El religioso, que siempre está presente en las marchas contra el régimen de Maduro, trajo a colación otro episodio sufrido por una joven en Venezuela: “Me tocó en el año 2013 ver a Geraldine Moreno en Valencia con las mismas marcas que hoy empañan tu rostro: las marcas de unos perdigones que son tan dolorosos y lamentables como ver un país que se nos va de las manos y que cada vez se sume más en una terrible oscuridad”, le dijo a Rufo.

“Tú Rufo eres luz, grandeza, valentía y fuerza, la sangre noble de los andes corre por tus venas, eres hijo de Bolívar.

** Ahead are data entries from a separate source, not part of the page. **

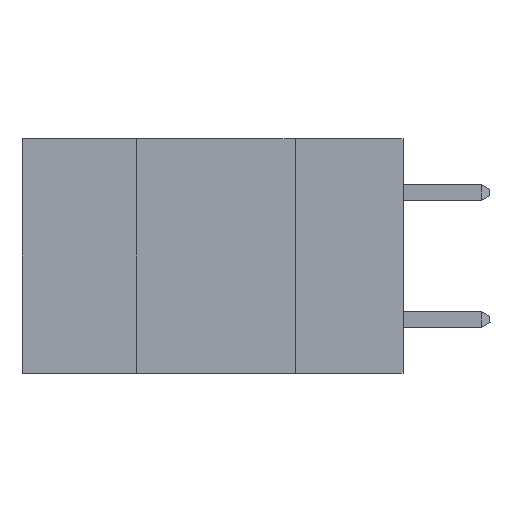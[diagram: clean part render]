
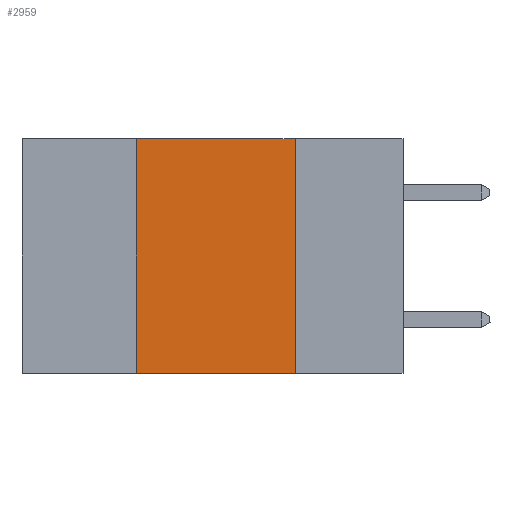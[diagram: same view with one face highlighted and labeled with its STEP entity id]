
A CAD part, left-side view. The second image highlights one B-rep face of the part: STEP entity #2959.
In plain terms, the highlighted planar face has unit normal (-1, 0, 0).
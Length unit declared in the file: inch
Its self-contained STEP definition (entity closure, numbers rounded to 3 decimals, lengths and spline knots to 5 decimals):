
#569 = VERTEX_POINT ( 'NONE', #2616 ) ;
#954 = CARTESIAN_POINT ( 'NONE',  ( 0., 0.42, 0. ) ) ;
#2494 = ORIENTED_EDGE ( 'NONE', *, *, #14041, .F. ) ;
#2560 = LINE ( 'NONE', #954, #6696 ) ;
#2616 = CARTESIAN_POINT ( 'NONE',  ( 0., 0.17, 0. ) ) ;
#2922 = DIRECTION ( 'NONE',  ( 0., -1., 0. ) ) ;
#2959 = ADVANCED_FACE ( 'NONE', ( #7193 ), #11753, .F. ) ;
#3182 = VECTOR ( 'NONE', #2922, 39.37008 ) ;
#3306 = VERTEX_POINT ( 'NONE', #11707 ) ;
#5419 = EDGE_CURVE ( 'NONE', #3306, #18209, #8519, .T. ) ;
#5662 = DIRECTION ( 'NONE',  ( 0., 0., 1. ) ) ;
#6156 = AXIS2_PLACEMENT_3D ( 'NONE', #11851, #17894, #13260 ) ;
#6696 = VECTOR ( 'NONE', #5662, 39.37008 ) ;
#7193 = FACE_OUTER_BOUND ( 'NONE', #11541, .T. ) ;
#7208 = CARTESIAN_POINT ( 'NONE',  ( 0., 0.17, -0.37 ) ) ;
#7599 = VECTOR ( 'NONE', #13295, 39.37008 ) ;
#8519 = LINE ( 'NONE', #12888, #13005 ) ;
#8648 = LINE ( 'NONE', #9983, #7599 ) ;
#9032 = CARTESIAN_POINT ( 'NONE',  ( 0., 0.6, 0. ) ) ;
#9371 = VERTEX_POINT ( 'NONE', #11426 ) ;
#9983 = CARTESIAN_POINT ( 'NONE',  ( 0., 0.17, 0. ) ) ;
#11140 = EDGE_CURVE ( 'NONE', #569, #18209, #8648, .T. ) ;
#11426 = CARTESIAN_POINT ( 'NONE',  ( 0., 0.42, 0. ) ) ;
#11541 = EDGE_LOOP ( 'NONE', ( #13728, #2494, #12282, #13048 ) ) ;
#11707 = CARTESIAN_POINT ( 'NONE',  ( 0., 0.42, -0.37 ) ) ;
#11753 = PLANE ( 'NONE',  #6156 ) ;
#11851 = CARTESIAN_POINT ( 'NONE',  ( 0., 0.6, 0. ) ) ;
#12051 = EDGE_CURVE ( 'NONE', #3306, #9371, #2560, .T. ) ;
#12282 = ORIENTED_EDGE ( 'NONE', *, *, #12051, .F. ) ;
#12888 = CARTESIAN_POINT ( 'NONE',  ( 0., 0.6, -0.37 ) ) ;
#13005 = VECTOR ( 'NONE', #13079, 39.37008 ) ;
#13048 = ORIENTED_EDGE ( 'NONE', *, *, #5419, .T. ) ;
#13079 = DIRECTION ( 'NONE',  ( 0., -1., 0. ) ) ;
#13260 = DIRECTION ( 'NONE',  ( 0., 0., -1. ) ) ;
#13295 = DIRECTION ( 'NONE',  ( 0., 0., -1. ) ) ;
#13728 = ORIENTED_EDGE ( 'NONE', *, *, #11140, .F. ) ;
#14041 = EDGE_CURVE ( 'NONE', #9371, #569, #19836, .T. ) ;
#17894 = DIRECTION ( 'NONE',  ( 1., 0., 0. ) ) ;
#18209 = VERTEX_POINT ( 'NONE', #7208 ) ;
#19836 = LINE ( 'NONE', #9032, #3182 ) ;

Los que están ciegos son otros que tienen el alma negra, que asesinan, torturan y persiguen porque no tienen razón, que atacan al indefenso pero que en el fondo son dignos de lástima porque están bajo la mirada de una justicia divina que les pisa los talones y que más pronto que tarde caerá sobre sus hombros”.

“Sé que estas letras no servirán de mucho ante la atrocidad de lo que te hicieron, ojalá sirvieran por lo menos para despertar conciencias que aún siguen dormidas esperando un milagro del cielo, pero sin mover ni un dedo para que este suceda”.

“Estas letras van unidas a mis oraciones y quiero que sepas que no estás solo y que te has convertido en el hijo, el hermano y el amigo de muchos que como yo, sin conocerte te admiramos, te queremos y juramos no descansar hasta lograr una Venezuela libre y próspera, ese será nuestro regalo para ti y todos los chamos de tu generación, así nos cueste la vida intentarlo” concluyó el padre Enrique Yanes.

 

Rufo quiere ser ingeniero

Rufo Antonio Chacón recibió su título de bachiller el pasado viernes 26 de julio, en un acto realizado en la Unidad Educativa Nacional Liceo Bolivariano Luis López Méndez, en la población de Táriba, municipio Cárdenas, del estado Táchira. Nuevamente las redes sociales se hicieron eco del hecho, y el joven confirmaba su deseo de seguir estudiando.

“Terminé la escuela secundaria este año, y quiero ir a la universidad y estudiar ingeniería de software”, dijo a CNN en pleno proceso de sanación de las heridas y adaptación a su nueva realidad. “Pase lo que pase conmigo, todavía quiero ir a la universidad”, ratificó. “Realmente quería mudarme a Estados Unidos, encontrar una visa de alguna manera e ir a un país donde la tecnología sea un poco más avanzada”. Dios no lo abandonará.